Environment: Making it better wherever you are
Post Tenebras Lux: After Darkness, Light
Post Tenebras Lux is my motto in life. It’s timeless. It’s reliable.
You can count on light to come after darkness. When has a sunrise never happened?
On the Fourth of July, skies across America will be filled with the light of fireworks. Streets will be lined with colorful parades. Celebrations will go on from city to city, street to street, yard to yard, neighbor to neighbor.
Have you ever been to Washington, D.C. and visited our National Archives? In that building is a room unlike any I've ever walked through in any museum, anywhere. There's a sacred hush as you approach it. The lighting is soft and inviting. The room has no corners. Nothing is obscured. This is "The Rotunda for the Charters of Freedom."
Here’s a description of what you will find there:
The Rotunda for the Charters of Freedom is the permanent home of the Declaration of Independence, Constitution of the United States, and Bill of Rights. These three documents, known collectively as the Charters of Freedom, have secured the rights of the American people for more than two and a quarter centuries.
• The Declaration announced to the world on July 4, 1776, that thirteen British colonies in North America were leaving Great Britain to form a separate nation, called the United States of America. In justifying the revolution, the Declaration asserted a universal truth about human rights.
• The Constitution, drafted in 1787 after a hard-won victory in the War for Independence, codified the spirit of the Revolution into an ingenious practical scheme of government to promote the welfare of all its citizens.
• The Bill of Rights, added to the Constitution in 1791 as the first ten amendments, explicitly protected freedom of speech, of the press, of religion, and of assembly, among many other rights.
When my turn came, I stood in front of the display and peered closely at these historical documents, examining the signatures, thinking about the men who wrote these words so long ago. A feeling of appreciation came over me.
What other nation has written up such guarantees for its citizens? In so few words, a small group of men articulated a code of standards unlike any ever written. Displaying an astonishing degree of collective wisdom, these men committed their thoughts to words on paper for all to see, for all to read, for all to believe, for all time. The Statue of Liberty stands at our shore with words engraved on her foundation stones that welcome all to share in America’s Charter of Freedom. Where else in the world can you find such a welcoming image?
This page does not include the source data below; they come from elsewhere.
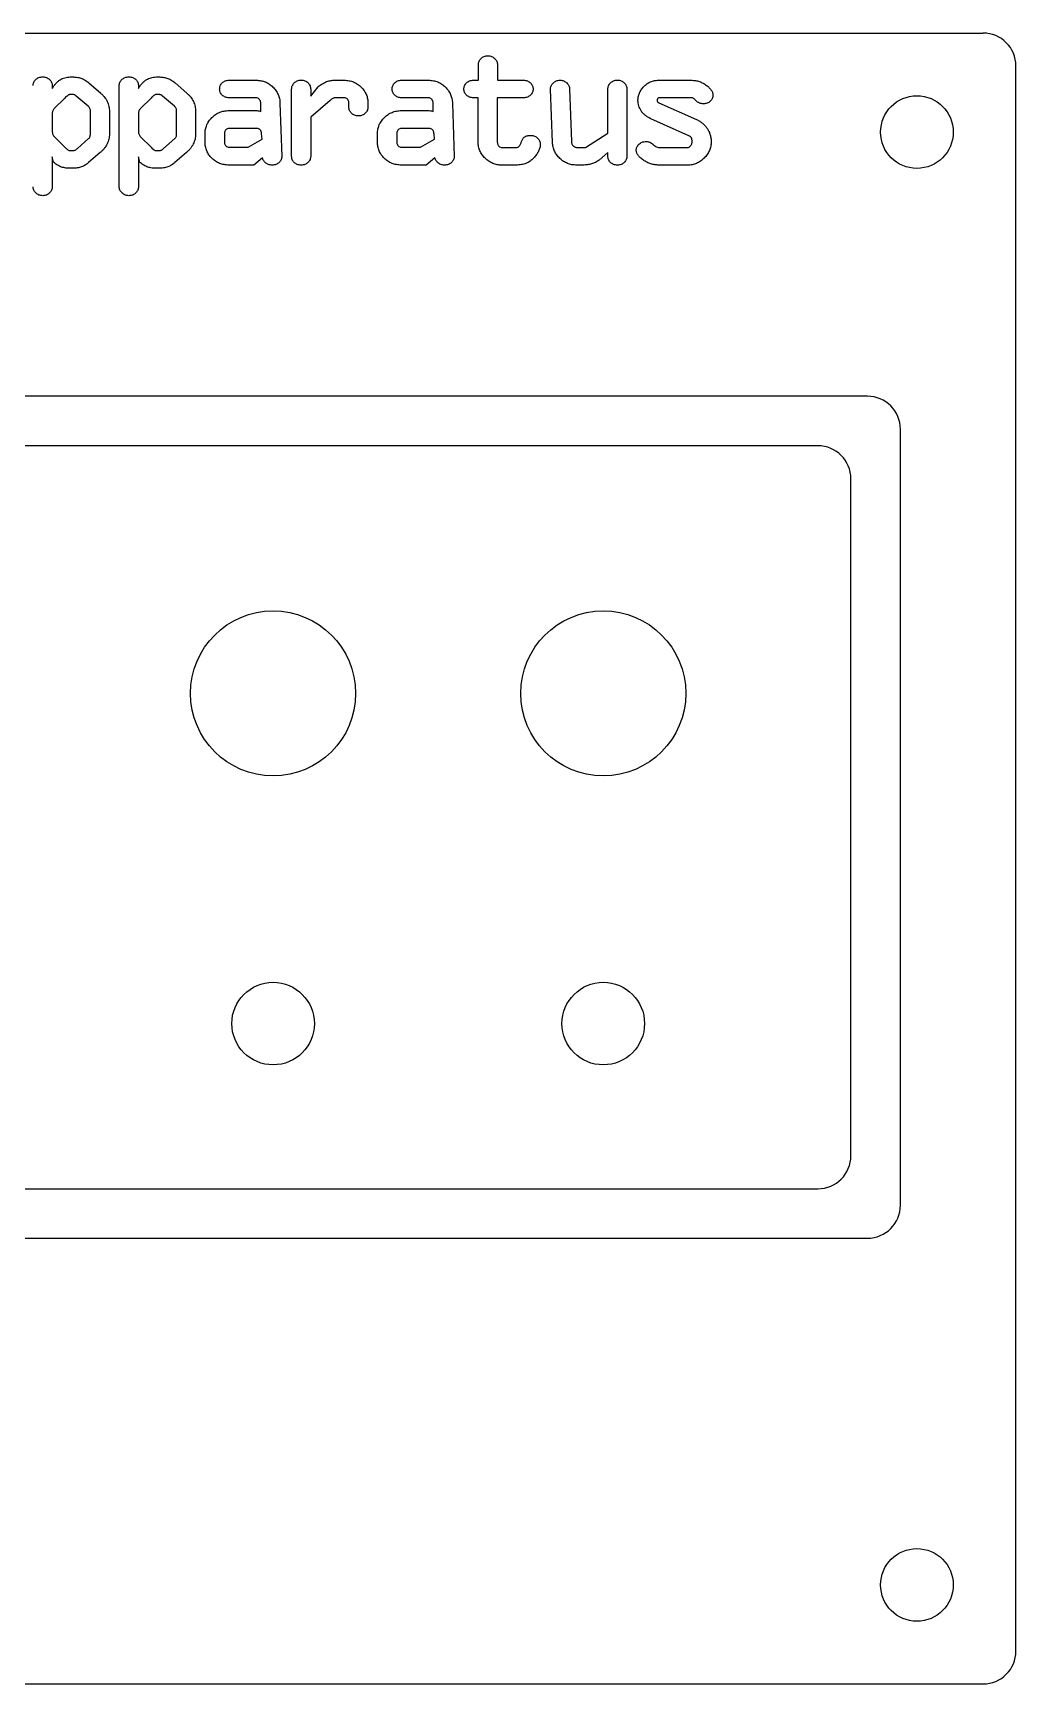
# Model space of a CAD drawing. Header units: inches. Extents: x 0 to 12, y -0.6 to 5.
# Drawn here: x 9.02 to 12, y 0 to 5 of the extents above; entities that cross this region are included whole.
import ezdxf

# ---------------------------------------------------------------- set-up
doc = ezdxf.new("R2010")
doc.units = ezdxf.units.IN
doc.header["$MEASUREMENT"] = 0

msp = doc.modelspace()

# ---------------------------------------------------------------- linework, layer by layer
at = {"color": 7, "linetype": 'Continuous', "lineweight": 25}
for p, q in [((0.1, 5), (11.9, 5)), ((10.3718, 4.8569), (10.3718, 4.9046)), ((10.4296, 4.9046), (10.4296, 4.8569)), ((9.1354, 4.8669), (9.1454, 4.8669)), ((9.3965, 4.8669), (9.4065, 4.8669)), ((9.6169, 4.8569), (9.6985, 4.8569)), ((9.9341, 4.8569), (9.9655, 4.8569)), ((10.1391, 4.8569), (10.2207, 4.8569)), ((10.3566, 4.8569), (10.3718, 4.8569)), ((10.4296, 4.8569), (10.5087, 4.8569)), ((10.918, 4.8569), (11.0165, 4.8569)), ((12, 0.1), (12, 4.9)), ((9.0812, 4.8409), (9.0812, 4.832)), ((9.1194, 4.803), (9.0874, 4.7714)), ((9.1454, 4.8135), (9.1329, 4.8135)), ((9.19, 4.7782), (9.1538, 4.8092)), ((9.1922, 4.8487), (9.228, 4.8177)), ((9.2839, 4.5343), (9.2839, 4.8409)), ((9.3423, 4.8409), (9.3423, 4.832)), ((9.3805, 4.803), (9.3485, 4.7714)), ((9.4065, 4.8135), (9.394, 4.8135)), ((9.4511, 4.7782), (9.4149, 4.8092)), ((9.4533, 4.8487), (9.4891, 4.8177)), ((9.6985, 4.804), (9.6169, 4.804)), ((9.8061, 4.6264), (9.8061, 4.8304)), ((9.8639, 4.8085), (9.8867, 4.8372)), ((9.8639, 4.8304), (9.8639, 4.8085)), ((9.9655, 4.804), (9.9376, 4.804)), ((10.2207, 4.804), (10.1391, 4.804)), ((10.3712, 4.804), (10.3566, 4.804)), ((10.3712, 4.6695), (10.3712, 4.804)), ((10.5087, 4.804), (10.4291, 4.804)), ((10.4291, 4.804), (10.4291, 4.6695)), ((10.5965, 4.6682), (10.5904, 4.8301)), ((10.6481, 4.8306), (10.6537, 4.6716)), ((10.7639, 4.6965), (10.7639, 4.8304)), ((10.8217, 4.8304), (10.8217, 4.6264)), ((11.0176, 4.804), (10.9203, 4.804)), ((9.0812, 4.7559), (9.0812, 4.7009)), ((9.1969, 4.6945), (9.1969, 4.7639)), ((9.2542, 4.7621), (9.2542, 4.695)), ((9.3423, 4.7559), (9.3423, 4.7009)), ((9.4579, 4.6945), (9.4579, 4.7639)), ((9.5153, 4.7621), (9.5153, 4.695)), ((9.6164, 4.765), (9.7006, 4.765)), ((9.7132, 4.7619), (9.7126, 4.7874)), ((9.7709, 4.7875), (9.7763, 4.6265)), ((9.9225, 4.7957), (9.8639, 4.7449)), ((9.9796, 4.7754), (9.9796, 4.7874)), ((10.0374, 4.7874), (10.0374, 4.7759)), ((10.1386, 4.765), (10.2228, 4.765)), ((10.2353, 4.7619), (10.2348, 4.7874)), ((10.2931, 4.7875), (10.2984, 4.6265)), ((10.9184, 4.7886), (11.0328, 4.7379)), ((9.7011, 4.7111), (9.6164, 4.7111)), ((9.8639, 4.7449), (9.8639, 4.6264)), ((10.2233, 4.7111), (10.1386, 4.7111)), ((11.0093, 4.6885), (10.894, 4.7404)), ((9.0885, 4.6849), (9.1194, 4.654)), ((9.1574, 4.6506), (9.1911, 4.6801)), ((9.3495, 4.6849), (9.3805, 4.654)), ((9.4185, 4.6506), (9.4521, 4.6801)), ((9.5439, 4.6699), (9.5439, 4.695)), ((9.6024, 4.6945), (9.6024, 4.6705)), ((9.6164, 4.6539), (9.6744, 4.6539)), ((9.6744, 4.6539), (9.7165, 4.6784)), ((9.7165, 4.6784), (9.7152, 4.6942)), ((10.0661, 4.6699), (10.0661, 4.695)), ((10.1245, 4.6945), (10.1245, 4.6705)), ((10.1386, 4.6539), (10.1966, 4.6539)), ((10.1966, 4.6539), (10.2386, 4.6784)), ((10.2386, 4.6784), (10.2374, 4.6942)), ((10.4437, 4.6529), (10.4857, 4.6529)), ((10.6728, 4.6534), (10.6961, 4.6534)), ((10.6961, 4.6534), (10.7639, 4.6965)), ((10.9244, 4.6529), (11.0045, 4.6529)), ((9.0851, 4.6093), (9.0812, 4.6246)), ((9.0812, 4.6246), (9.0812, 4.5343)), ((9.1344, 4.644), (9.1454, 4.644)), ((9.2262, 4.6378), (9.1912, 4.6076)), ((9.3461, 4.6093), (9.3423, 4.6246)), ((9.3423, 4.6246), (9.3423, 4.5343)), ((9.3955, 4.644), (9.4065, 4.644)), ((9.4873, 4.6378), (9.4523, 4.6076)), ((9.718, 4.6215), (9.6918, 4.6)), ((10.2402, 4.6215), (10.2139, 4.6)), ((10.7639, 4.6384), (10.7379, 4.6148)), ((10.7639, 4.6264), (10.7639, 4.6384)), ((9.1424, 4.5905), (9.1329, 4.5905)), ((9.4035, 4.5905), (9.394, 4.5905)), ((9.6918, 4.6), (9.6164, 4.6)), ((10.2139, 4.6), (10.1386, 4.6)), ((10.4867, 4.6), (10.4437, 4.6)), ((10.6894, 4.6), (10.6694, 4.6)), ((11.0055, 4.6), (10.9185, 4.6)), ((11.55, 3.9), (7.95, 3.9)), ((11.65, 1.45), (11.65, 3.8)), ((11.4, 3.75), (8.1, 3.75)), ((11.5, 1.6), (11.5, 3.65)), ((8.1, 1.5), (11.4, 1.5)), ((7.95, 1.35), (11.55, 1.35)), ((0.1, 0), (11.9, 0))]:
    msp.add_line(p, q, dxfattribs=at)
for centre, radius in [((11.7, 4.7), 0.11), ((9.75, 3), 0.25), ((10.75, 3), 0.25), ((9.75, 2), 0.125), ((10.75, 2), 0.125), ((11.7, 0.3), 0.11)]:
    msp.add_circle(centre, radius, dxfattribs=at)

We are the land of the free and home of the brave. It takes courage to ensure freedom for all.
Lately our national conversation has been centered on racism. It’s a dark topic about our dark past with the dark people from that dark continent. Darkness shadows our thoughts. We stumble along paths of dialogue that search for light. People have been discussing racism in America for centuries. Frederick Douglass comes to mind of one who spoke with powerful words to persuade his fellow citizens to leave their ways of hateful prejudice and simply carry on as one nation, inclusive of all, and in accordance with the Charters of Freedom. Here is a link to his speech, "What to the Slave is the Fourth of July?"
Frederick Douglass could not win over the hearts and minds of his fellow white citizens, nor did Martin Luther King, nor any of the other great civil rights leaders. The Confederate Flag still flies in America to uphold nostalgic admiration for white men who fought a war to maintain their right to enslave black men, women, and children. Those who revere this flag believe that “the South shall rise again!”
What needs to rise in America is the light of knowledge that dispels the darkness of racism. I’m not talking about intellectual reason or “book knowledge” as some would have it. Obviously no amount of reason has been able to rid our nation of racism. I’m talking about the light of friendship. The word ‘friend’ has an Indo-European root meaning “to love” and is shared by the word ‘free’.
I’m starting a new project in my community. I haven’t even named it yet. It will create an opportunity for people to come together in their neighborhoods to get to know one another. America is a great melting pot and we need to stop turning up the heat on each other and instead cool down in the relaxing waters of our diversity. I’m going to run my project like a storytelling group where everyone can share a five minute story about themselves. True stories, unscripted. It will provide a venue where people can get out of their virtual worlds and have some time to actually be together: face-to-face, smile-to-smile, shoulder-to-shoulder. I believe that this project of mine will provide a platform for my community to build friendships and break down racial, ethnic, religious, and social barriers. Call me idealistic. But I believe that my little idea could help erase some of the ignorance that fuels our prejudice that ignites our racism. Please steal this idea and start it up in your community. I know that others are doing similar projects all over America. Mine will simply add a connecting thread.
I have a Japanese friend who commented on her first trip to America that when she got on the subway and noticed people of all colors, speaking several languages at once, and all sitting together, she felt a great surge of joy to see the beauty of America.
So that’s what I want to do now. Allow a space for the light of this beautiful nation to rise like a softly lit sunrise, not glaring on anyone, but slowly filling our hearts with the hope of a new day free from racism.